# Llamas on the Web: Memory-Efficient, Performance-Portable, and Multi-Precision LLM Inference with WebGPU

**Authors:** R. Levine, R. Sharma, N. Jain, A. Ramesh, Z. Chen, N. Abbas, J. Contini, T. Sorensen  
**Venue:** ArXiv, 2026  
**PDF:** [llamaweb.pdf](../llamaweb.pdf) | **Full Markdown:** [llamaweb.md](../markdown/llamaweb.md) | **arXiv:** [2605.20706](https://arxiv.org/abs/2605.20706)

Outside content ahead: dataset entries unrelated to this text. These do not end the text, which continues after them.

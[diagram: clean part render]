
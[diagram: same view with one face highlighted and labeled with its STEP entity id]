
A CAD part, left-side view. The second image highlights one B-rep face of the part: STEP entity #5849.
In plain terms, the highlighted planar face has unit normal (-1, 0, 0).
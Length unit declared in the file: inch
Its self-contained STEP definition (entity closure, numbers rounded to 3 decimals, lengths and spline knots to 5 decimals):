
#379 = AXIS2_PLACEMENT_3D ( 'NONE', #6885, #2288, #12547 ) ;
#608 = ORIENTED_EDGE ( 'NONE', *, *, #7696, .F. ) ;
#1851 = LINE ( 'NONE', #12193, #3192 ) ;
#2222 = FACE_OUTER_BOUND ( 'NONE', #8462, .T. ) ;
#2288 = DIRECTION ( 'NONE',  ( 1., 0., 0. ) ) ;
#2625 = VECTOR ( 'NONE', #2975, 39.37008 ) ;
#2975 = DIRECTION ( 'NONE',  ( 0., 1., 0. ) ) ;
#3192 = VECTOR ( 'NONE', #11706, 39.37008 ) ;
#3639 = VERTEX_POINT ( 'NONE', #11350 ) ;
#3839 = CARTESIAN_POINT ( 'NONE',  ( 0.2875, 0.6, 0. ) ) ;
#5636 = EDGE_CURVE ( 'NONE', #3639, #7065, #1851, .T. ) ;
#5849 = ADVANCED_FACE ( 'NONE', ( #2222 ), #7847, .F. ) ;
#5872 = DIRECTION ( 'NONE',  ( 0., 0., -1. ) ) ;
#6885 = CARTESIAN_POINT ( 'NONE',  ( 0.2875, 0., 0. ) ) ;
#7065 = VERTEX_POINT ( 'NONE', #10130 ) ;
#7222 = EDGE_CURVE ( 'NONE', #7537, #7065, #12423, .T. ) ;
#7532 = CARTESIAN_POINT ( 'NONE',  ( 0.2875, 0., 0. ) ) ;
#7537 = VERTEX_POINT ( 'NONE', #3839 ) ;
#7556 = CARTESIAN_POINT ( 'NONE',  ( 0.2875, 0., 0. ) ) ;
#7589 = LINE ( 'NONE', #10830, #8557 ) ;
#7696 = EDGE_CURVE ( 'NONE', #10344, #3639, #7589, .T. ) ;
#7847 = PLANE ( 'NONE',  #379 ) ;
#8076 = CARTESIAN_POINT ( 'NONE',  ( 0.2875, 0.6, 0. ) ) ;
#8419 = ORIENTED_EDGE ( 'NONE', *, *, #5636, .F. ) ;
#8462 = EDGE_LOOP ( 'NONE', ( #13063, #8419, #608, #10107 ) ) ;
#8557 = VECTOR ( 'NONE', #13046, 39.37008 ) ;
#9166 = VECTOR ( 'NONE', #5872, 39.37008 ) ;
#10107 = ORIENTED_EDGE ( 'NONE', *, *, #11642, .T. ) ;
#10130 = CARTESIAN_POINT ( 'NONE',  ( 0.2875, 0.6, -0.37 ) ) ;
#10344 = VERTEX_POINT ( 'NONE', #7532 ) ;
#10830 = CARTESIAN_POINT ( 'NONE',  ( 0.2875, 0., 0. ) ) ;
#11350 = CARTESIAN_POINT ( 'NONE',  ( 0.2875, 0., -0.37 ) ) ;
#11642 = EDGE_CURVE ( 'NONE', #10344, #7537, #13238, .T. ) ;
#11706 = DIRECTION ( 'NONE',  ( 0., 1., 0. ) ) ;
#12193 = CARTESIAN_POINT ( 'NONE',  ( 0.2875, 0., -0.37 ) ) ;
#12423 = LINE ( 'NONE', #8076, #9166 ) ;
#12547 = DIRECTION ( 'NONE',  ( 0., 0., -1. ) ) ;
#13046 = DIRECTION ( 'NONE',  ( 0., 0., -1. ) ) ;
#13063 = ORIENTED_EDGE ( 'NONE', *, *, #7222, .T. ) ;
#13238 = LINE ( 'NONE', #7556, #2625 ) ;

This paper presents LlamaWeb, a WebGPU backend for llama.cpp that enables memory-efficient and performance-portable LLM inference in the browser.

## Key Contributions

- **Static memory planning**: Significantly reduces memory overhead through efficient memory management and model loading.
- **Tunable kernel library**: Addresses cross-device variability across heterogeneous hardware targets.
- **Templated GPU kernels**: Support performant implementations of numerous quantization formats, enabling broad model support.
- **29-33% less memory**: Compared to existing browser-based LLM frameworks across various device/browser/OS combinations.
- **45-69% higher decode throughput**: Compared to existing frameworks across four GPUs from separate vendors.
- **Competitive with native backends**: LlamaWeb performance is competitive with and even beats vendor-specific llama.cpp backend performance on some devices.

## Summary

Running language models in the browser presents a unique opportunity to build efficient, private, and portable AI applications, but requires contending with constrained memory availability and heterogeneous hardware targets. LlamaWeb addresses these challenges through static memory planning, a tunable kernel library, and templated GPU kernels supporting multiple quantization formats. Evaluated on 16 devices from 8 vendors with 10 language models, LlamaWeb demonstrates significant improvements in both memory efficiency and performance over existing browser-based LLM frameworks.